We can automate text editing operations using a vim script and run them repeatedly. So, let’s write a basic function in the remove_last_pattern.vim Vim script file:

$ cat remove_last_pattern.vim
function! RemoveLastPattern(pattern)
    " Get the total number of lines in the file
    let l:last_line_num = line('$')

    " Move cursor to the end of the last line
    normal! $

    " Initialize a flag to track if pattern is found
    let l:pattern_found = 0

    " Get the current line where the cursor is positioned
    let l:line = getline('.')

    " Find the position of the last occurrence of the pattern in the current line
    let l:pos = strridx(l:line, a:pattern)

    " Search for the last occurrence in the entire file
    for l:lnum in reverse(range(1, l:last_line_num))
        let l:line = getline(l:lnum)
        let l:pos = strridx(l:line, a:pattern)
        if l:pos != -1
            let l:line = l:line[:l:pos - 1] . l:line[l:pos + len(a:pattern):]
            call setline(l:lnum, l:line)
            let l:pattern_found = 1
            break
        endif
    endfor
endfunction

" Map the function to a command for ease of use
command! -nargs=1 RemoveLast :call RemoveLastPattern()

Initially, the script can look overwhelming. However, it’s just a series of vim commands. Let’s look closer to understand the complete logic and each action within the RemoveLastPattern() function:

  1. get the total number of lines available in the file
  2. move the cursor to the last line using the $ command in normal mode
  3. initialize a few variables to track the cursor position and the position of the last occurrence of a pattern in the current line
  4. initiate a loop to search for a pattern in reverse order

A string function, strridx(), finds the index of the last occurrence of a pattern in the current line The strridx() function returns -1 if a match isn’t found. If a match is found, we remove the pattern from the current line and use the break command to end the loop iterations.

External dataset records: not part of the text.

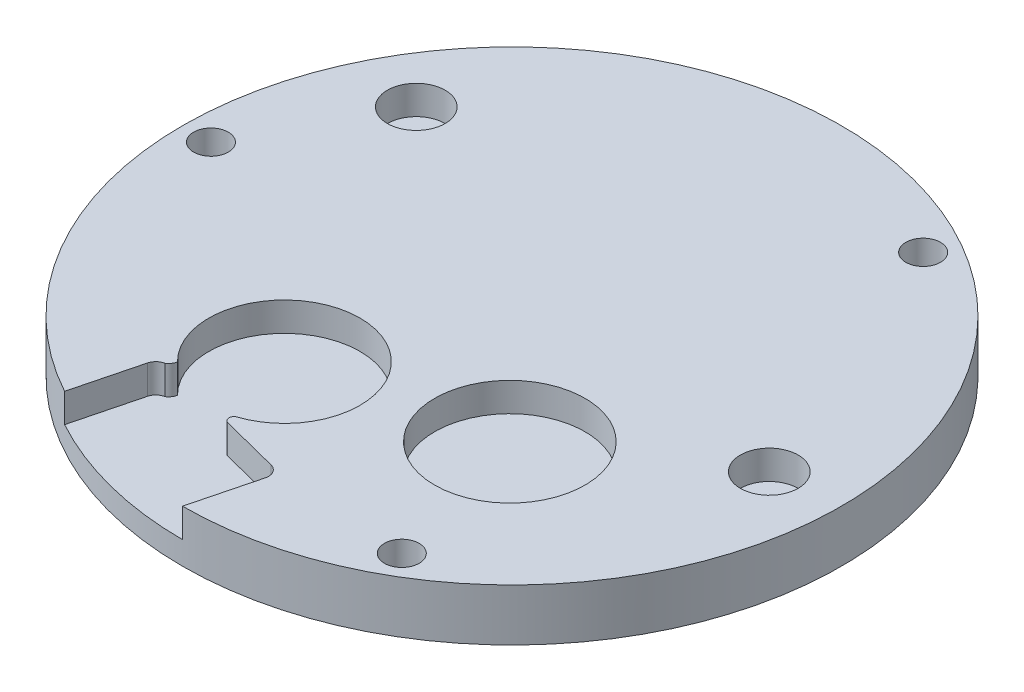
ISO-10303-21;
HEADER;
FILE_DESCRIPTION(('STEP AP214'),'2;1');
FILE_NAME('part.step','',(''),(''),'','','');
FILE_SCHEMA(('AUTOMOTIVE_DESIGN { 1 0 10303 214 1 1 1 1 }'));
ENDSEC;
DATA;
#1=APPLICATION_CONTEXT('core data for automotive mechanical design processes');
#2=APPLICATION_PROTOCOL_DEFINITION('international standard','automotive_design',2000,#1);
#3=PRODUCT_CONTEXT('',#1,'mechanical');
#4=PRODUCT('Part','Part','',(#3));
#5=PRODUCT_RELATED_PRODUCT_CATEGORY('part','',(#4));
#6=PRODUCT_DEFINITION_FORMATION('','',#4);
#7=PRODUCT_DEFINITION_CONTEXT('part definition',#1,'design');
#8=PRODUCT_DEFINITION('design','',#6,#7);
#9=PRODUCT_DEFINITION_SHAPE('','',#8);
#10=(LENGTH_UNIT() NAMED_UNIT(*) SI_UNIT(.MILLI.,.METRE.));
#11=(NAMED_UNIT(*) PLANE_ANGLE_UNIT() SI_UNIT($,.RADIAN.));
#12=(NAMED_UNIT(*) SI_UNIT($,.STERADIAN.) SOLID_ANGLE_UNIT());
#13=UNCERTAINTY_MEASURE_WITH_UNIT(LENGTH_MEASURE(1.E-05),#10,'distance_accuracy_value','');
#14=(GEOMETRIC_REPRESENTATION_CONTEXT(3) GLOBAL_UNCERTAINTY_ASSIGNED_CONTEXT((#13)) GLOBAL_UNIT_ASSIGNED_CONTEXT((#10,
#11,#12)) REPRESENTATION_CONTEXT('',''));
#15=CARTESIAN_POINT('',(0.,0.,0.));
#16=DIRECTION('',(0.,0.,1.));
#17=DIRECTION('',(1.,0.,0.));
#18=AXIS2_PLACEMENT_3D('',#15,#16,#17);
#19=CARTESIAN_POINT('',(0.,9.,0.));
#20=DIRECTION('',(0.,-1.,0.));
#21=DIRECTION('',(0.,0.,-1.));
#22=AXIS2_PLACEMENT_3D('',#19,#20,#21);
#23=CYLINDRICAL_SURFACE('',#22,57.);
#24=CARTESIAN_POINT('',(1.52655665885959E-13,4.,-5.62050406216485E-13));
#25=DIRECTION('',(0.,1.,0.));
#26=DIRECTION('',(0.,0.,-1.));
#27=AXIS2_PLACEMENT_3D('',#24,#25,#26);
#28=CIRCLE('',#27,57.0000000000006);
#29=CARTESIAN_POINT('',(-27.404440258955,4.,49.97996252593));
#30=VERTEX_POINT('',#29);
#31=CARTESIAN_POINT('',(0.,4.,57.));
#32=VERTEX_POINT('',#31);
#33=EDGE_CURVE('E180',#30,#32,#28,.T.);
#34=ORIENTED_EDGE('',*,*,#33,.F.);
#35=DIRECTION('',(0.,1.,0.));
#36=VECTOR('',#35,1.);
#37=CARTESIAN_POINT('',(-27.404440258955,4.,49.97996252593));
#38=LINE('',#37,#36);
#39=CARTESIAN_POINT('',(-27.404440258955,9.,49.97996252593));
#40=VERTEX_POINT('',#39);
#41=EDGE_CURVE('E219',#30,#40,#38,.T.);
#42=ORIENTED_EDGE('',*,*,#41,.T.);
#43=CARTESIAN_POINT('',(0.,9.,0.));
#44=DIRECTION('',(0.,1.,0.));
#45=DIRECTION('',(0.,0.,1.));
#46=AXIS2_PLACEMENT_3D('',#43,#44,#45);
#47=CIRCLE('',#46,57.);
#48=CARTESIAN_POINT('',(0.,9.,57.));
#49=VERTEX_POINT('',#48);
#50=EDGE_CURVE('E49',#49,#40,#47,.T.);
#51=ORIENTED_EDGE('',*,*,#50,.F.);
#52=DIRECTION('',(0.,1.,0.));
#53=VECTOR('',#52,1.);
#54=CARTESIAN_POINT('',(0.,4.,57.));
#55=LINE('',#54,#53);
#56=EDGE_CURVE('E64',#32,#49,#55,.T.);
#57=ORIENTED_EDGE('',*,*,#56,.F.);
#58=EDGE_LOOP('',(#34,#42,#51,#57));
#59=FACE_BOUND('',#58,.T.);
#60=CARTESIAN_POINT('',(0.,0.,0.));
#61=DIRECTION('',(0.,1.,0.));
#62=DIRECTION('',(0.,0.,1.));
#63=AXIS2_PLACEMENT_3D('',#60,#61,#62);
#64=CIRCLE('',#63,57.);
#65=CARTESIAN_POINT('',(0.,0.,57.));
#66=VERTEX_POINT('',#65);
#67=EDGE_CURVE('E254',#66,#66,#64,.T.);
#68=ORIENTED_EDGE('',*,*,#67,.T.);
#69=EDGE_LOOP('',(#68));
#70=FACE_BOUND('',#69,.T.);
#71=ADVANCED_FACE('F41',(#59,#70),#23,.T.);
#72=CARTESIAN_POINT('',(0.,9.,0.));
#73=DIRECTION('',(0.,1.,0.));
#74=DIRECTION('',(0.,0.,1.));
#75=AXIS2_PLACEMENT_3D('',#72,#73,#74);
#76=PLANE('',#75);
#77=CARTESIAN_POINT('',(-8.33064167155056,9.,39.7365276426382));
#78=DIRECTION('',(0.,-1.,0.));
#79=DIRECTION('',(0.,0.,1.));
#80=AXIS2_PLACEMENT_3D('',#77,#78,#79);
#81=CIRCLE('',#80,0.881146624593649);
#82=CARTESIAN_POINT('',(-8.65172272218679,9.,40.5570922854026));
#83=VERTEX_POINT('',#82);
#84=CARTESIAN_POINT('',(-8.77437966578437,9.,38.9752681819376));
#85=VERTEX_POINT('',#84);
#86=EDGE_CURVE('E317',#83,#85,#81,.T.);
#87=ORIENTED_EDGE('',*,*,#86,.F.);
#88=DIRECTION('',(-0.968721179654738,0.,-0.248151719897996));
#89=VECTOR('',#88,1.);
#90=CARTESIAN_POINT('',(1.48249855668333,9.,43.1531173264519));
#91=LINE('',#90,#89);
#92=CARTESIAN_POINT('',(1.48249855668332,9.,43.1531173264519));
#93=VERTEX_POINT('',#92);
#94=EDGE_CURVE('E211',#93,#83,#91,.T.);
#95=ORIENTED_EDGE('',*,*,#94,.F.);
#96=CARTESIAN_POINT('',(0.986195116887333,9.,45.0905596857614));
#97=DIRECTION('',(0.,1.,0.));
#98=DIRECTION('',(0.,0.,1.));
#99=AXIS2_PLACEMENT_3D('',#96,#97,#98);
#100=CIRCLE('',#99,2.);
#101=CARTESIAN_POINT('',(2.92363747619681,9.,45.5868631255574));
#102=VERTEX_POINT('',#101);
#103=EDGE_CURVE('E206',#102,#93,#100,.T.);
#104=ORIENTED_EDGE('',*,*,#103,.F.);
#105=DIRECTION('',(0.248151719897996,0.,-0.968721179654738));
#106=VECTOR('',#105,1.);
#107=CARTESIAN_POINT('',(0.,9.,57.));
#108=LINE('',#107,#106);
#109=EDGE_CURVE('E203',#49,#102,#108,.T.);
#110=ORIENTED_EDGE('',*,*,#109,.F.);
#111=ORIENTED_EDGE('',*,*,#50,.T.);
#112=DIRECTION('',(-0.248151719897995,0.,0.968721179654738));
#113=VECTOR('',#112,1.);
#114=CARTESIAN_POINT('',(-27.404440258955,9.,49.97996252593));
#115=LINE('',#114,#113);
#116=CARTESIAN_POINT('',(-24.4808027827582,9.,38.5668256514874));
#117=VERTEX_POINT('',#116);
#118=EDGE_CURVE('E185',#117,#40,#115,.T.);
#119=ORIENTED_EDGE('',*,*,#118,.F.);
#120=CARTESIAN_POINT('',(-22.5433604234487,9.,39.0631290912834));
#121=DIRECTION('',(0.,1.,0.));
#122=DIRECTION('',(0.,0.,-1.));
#123=AXIS2_PLACEMENT_3D('',#120,#121,#122);
#124=CIRCLE('',#123,2.);
#125=CARTESIAN_POINT('',(-22.9243420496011,9.,37.0997511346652));
#126=VERTEX_POINT('',#125);
#127=EDGE_CURVE('E214',#126,#117,#124,.T.);
#128=ORIENTED_EDGE('',*,*,#127,.F.);
#129=CARTESIAN_POINT('',(-23.9022584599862,9.,35.4870514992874));
#130=DIRECTION('',(0.,-1.,0.));
#131=DIRECTION('',(0.,0.,1.));
#132=AXIS2_PLACEMENT_3D('',#129,#130,#131);
#133=CIRCLE('',#132,1.88603303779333);
#134=CARTESIAN_POINT('',(-22.045034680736,9.,35.8154422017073));
#135=VERTEX_POINT('',#134);
#136=EDGE_CURVE('E140',#135,#126,#133,.T.);
#137=ORIENTED_EDGE('',*,*,#136,.F.);
#138=CARTESIAN_POINT('',(-12.8244297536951,9.,26.53769247));
#139=DIRECTION('',(0.,1.,0.));
#140=DIRECTION('',(0.,0.,1.));
#141=AXIS2_PLACEMENT_3D('',#138,#139,#140);
#142=CIRCLE('',#141,13.0803744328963);
#143=EDGE_CURVE('E121',#85,#135,#142,.T.);
#144=ORIENTED_EDGE('',*,*,#143,.F.);
#145=EDGE_LOOP('',(#87,#95,#104,#110,#111,#119,#128,#137,#144));
#146=FACE_BOUND('',#145,.T.);
#147=CARTESIAN_POINT('',(18.6584441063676,9.,19.02768238));
#148=DIRECTION('',(0.,1.,0.));
#149=DIRECTION('',(0.,0.,1.));
#150=AXIS2_PLACEMENT_3D('',#147,#148,#149);
#151=CIRCLE('',#150,13.0067711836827);
#152=CARTESIAN_POINT('',(18.6584441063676,9.,32.0344535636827));
#153=VERTEX_POINT('',#152);
#154=EDGE_CURVE('E145',#153,#153,#151,.T.);
#155=ORIENTED_EDGE('',*,*,#154,.F.);
#156=EDGE_LOOP('',(#155));
#157=FACE_BOUND('',#156,.T.);
#158=CARTESIAN_POINT('',(26.0343828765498,9.,-45.0928738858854));
#159=DIRECTION('',(0.,1.,0.));
#160=DIRECTION('',(0.,0.,1.));
#161=AXIS2_PLACEMENT_3D('',#158,#159,#160);
#162=CIRCLE('',#161,3.);
#163=CARTESIAN_POINT('',(26.0343828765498,9.,-42.0928738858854));
#164=VERTEX_POINT('',#163);
#165=EDGE_CURVE('E161',#164,#164,#162,.T.);
#166=ORIENTED_EDGE('',*,*,#165,.F.);
#167=EDGE_LOOP('',(#166));
#168=FACE_BOUND('',#167,.T.);
#169=CARTESIAN_POINT('',(26.0343828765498,9.,45.0928738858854));
#170=DIRECTION('',(0.,1.,0.));
#171=DIRECTION('',(0.,0.,1.));
#172=AXIS2_PLACEMENT_3D('',#169,#170,#171);
#173=CIRCLE('',#172,3.);
#174=CARTESIAN_POINT('',(26.0343828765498,9.,48.0928738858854));
#175=VERTEX_POINT('',#174);
#176=EDGE_CURVE('E169',#175,#175,#173,.T.);
#177=ORIENTED_EDGE('',*,*,#176,.F.);
#178=EDGE_LOOP('',(#177));
#179=FACE_BOUND('',#178,.T.);
#180=CARTESIAN_POINT('',(-52.0687657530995,9.,0.));
#181=DIRECTION('',(0.,1.,0.));
#182=DIRECTION('',(0.,0.,1.));
#183=AXIS2_PLACEMENT_3D('',#180,#181,#182);
#184=CIRCLE('',#183,3.);
#185=CARTESIAN_POINT('',(-52.0687657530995,9.,3.));
#186=VERTEX_POINT('',#185);
#187=EDGE_CURVE('E120',#186,#186,#184,.T.);
#188=ORIENTED_EDGE('',*,*,#187,.F.);
#189=EDGE_LOOP('',(#188));
#190=FACE_BOUND('',#189,.T.);
#191=CARTESIAN_POINT('',(-39.5949139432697,9.,-23.0415780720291));
#192=DIRECTION('',(0.,1.,0.));
#193=DIRECTION('',(0.,0.,1.));
#194=AXIS2_PLACEMENT_3D('',#191,#192,#193);
#195=CIRCLE('',#194,5.);
#196=CARTESIAN_POINT('',(-39.5949139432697,9.,-18.0415780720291));
#197=VERTEX_POINT('',#196);
#198=EDGE_CURVE('E239',#197,#197,#195,.T.);
#199=ORIENTED_EDGE('',*,*,#198,.F.);
#200=EDGE_LOOP('',(#199));
#201=FACE_BOUND('',#200,.T.);
#202=CARTESIAN_POINT('',(45.584060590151,9.,1.08137370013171));
#203=DIRECTION('',(0.,1.,0.));
#204=DIRECTION('',(0.,0.,1.));
#205=AXIS2_PLACEMENT_3D('',#202,#203,#204);
#206=CIRCLE('',#205,5.);
#207=CARTESIAN_POINT('',(45.584060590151,9.,6.08137370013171));
#208=VERTEX_POINT('',#207);
#209=EDGE_CURVE('E160',#208,#208,#206,.T.);
#210=ORIENTED_EDGE('',*,*,#209,.F.);
#211=EDGE_LOOP('',(#210));
#212=FACE_BOUND('',#211,.T.);
#213=ADVANCED_FACE('F276',(#146,#157,#168,#179,#190,#201,#212),#76,.T.);
#214=CARTESIAN_POINT('',(0.,0.,0.));
#215=DIRECTION('',(0.,1.,0.));
#216=DIRECTION('',(0.,0.,1.));
#217=AXIS2_PLACEMENT_3D('',#214,#215,#216);
#218=PLANE('',#217);
#219=CARTESIAN_POINT('',(0.,0.,0.));
#220=DIRECTION('',(0.,-1.,0.));
#221=DIRECTION('',(0.,0.,-1.));
#222=AXIS2_PLACEMENT_3D('',#219,#220,#221);
#223=CIRCLE('',#222,4.75);
#224=CARTESIAN_POINT('',(0.,0.,-4.75));
#225=VERTEX_POINT('',#224);
#226=EDGE_CURVE('E255',#225,#225,#223,.T.);
#227=ORIENTED_EDGE('',*,*,#226,.F.);
#228=EDGE_LOOP('',(#227));
#229=FACE_BOUND('',#228,.T.);
#230=CARTESIAN_POINT('',(0.,0.,-13.5283356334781));
#231=DIRECTION('',(0.,-1.,0.));
#232=DIRECTION('',(0.,0.,-1.));
#233=AXIS2_PLACEMENT_3D('',#230,#231,#232);
#234=CIRCLE('',#233,3.34536233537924);
#235=CARTESIAN_POINT('',(0.,0.,-16.8736979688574));
#236=VERTEX_POINT('',#235);
#237=EDGE_CURVE('E223',#236,#236,#234,.T.);
#238=ORIENTED_EDGE('',*,*,#237,.F.);
#239=EDGE_LOOP('',(#238));
#240=FACE_BOUND('',#239,.T.);
#241=ORIENTED_EDGE('',*,*,#67,.F.);
#242=EDGE_LOOP('',(#241));
#243=FACE_BOUND('',#242,.T.);
#244=ADVANCED_FACE('F273',(#229,#240,#243),#218,.F.);
#245=CARTESIAN_POINT('',(0.,8.,-13.5283356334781));
#246=DIRECTION('',(0.,-1.,0.));
#247=DIRECTION('',(0.,0.,-1.));
#248=AXIS2_PLACEMENT_3D('',#245,#246,#247);
#249=CYLINDRICAL_SURFACE('',#248,3.34536233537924);
#250=CARTESIAN_POINT('',(0.,8.,-13.5283356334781));
#251=DIRECTION('',(0.,-1.,0.));
#252=DIRECTION('',(0.,0.,-1.));
#253=AXIS2_PLACEMENT_3D('',#250,#251,#252);
#254=CIRCLE('',#253,3.34536233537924);
#255=CARTESIAN_POINT('',(0.,8.,-16.8736979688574));
#256=VERTEX_POINT('',#255);
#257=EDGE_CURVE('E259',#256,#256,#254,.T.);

Lastly, we create a custom command mapping RemoveLast that calls the RemoveLastPattern with exactly one argument (-nargs=1). Notably, gets replaced by the argument passed to the RemoveLastPattern() function.

5.2. Vim Script in Action

Let’s open the items.txt file using the vim command:

$ vim items.txt

Now, we source the remove_last_pattern.vim script so that we get access to the RemoveLast custom command:

:source remove_last_pattern.vim

Next, we can call the RemoveLast command with a comma (,) as the first argument:

:RemoveLast ,

At this point, we successfully removed the last occurrence of a comma (,) in the items.txt file.

Finally, after verifying the changes, we can choose to save the file:

:wq

Thus, we have a convenient way to implement and apply the use case in Vim.

6. Conclusion

In this article, we learned how to remove the last occurrence of a pattern in a file.

In particular, we explored command-line utilities, such as sed, awk, tac, and vim. The choice between these options depends on the context and preference of the user.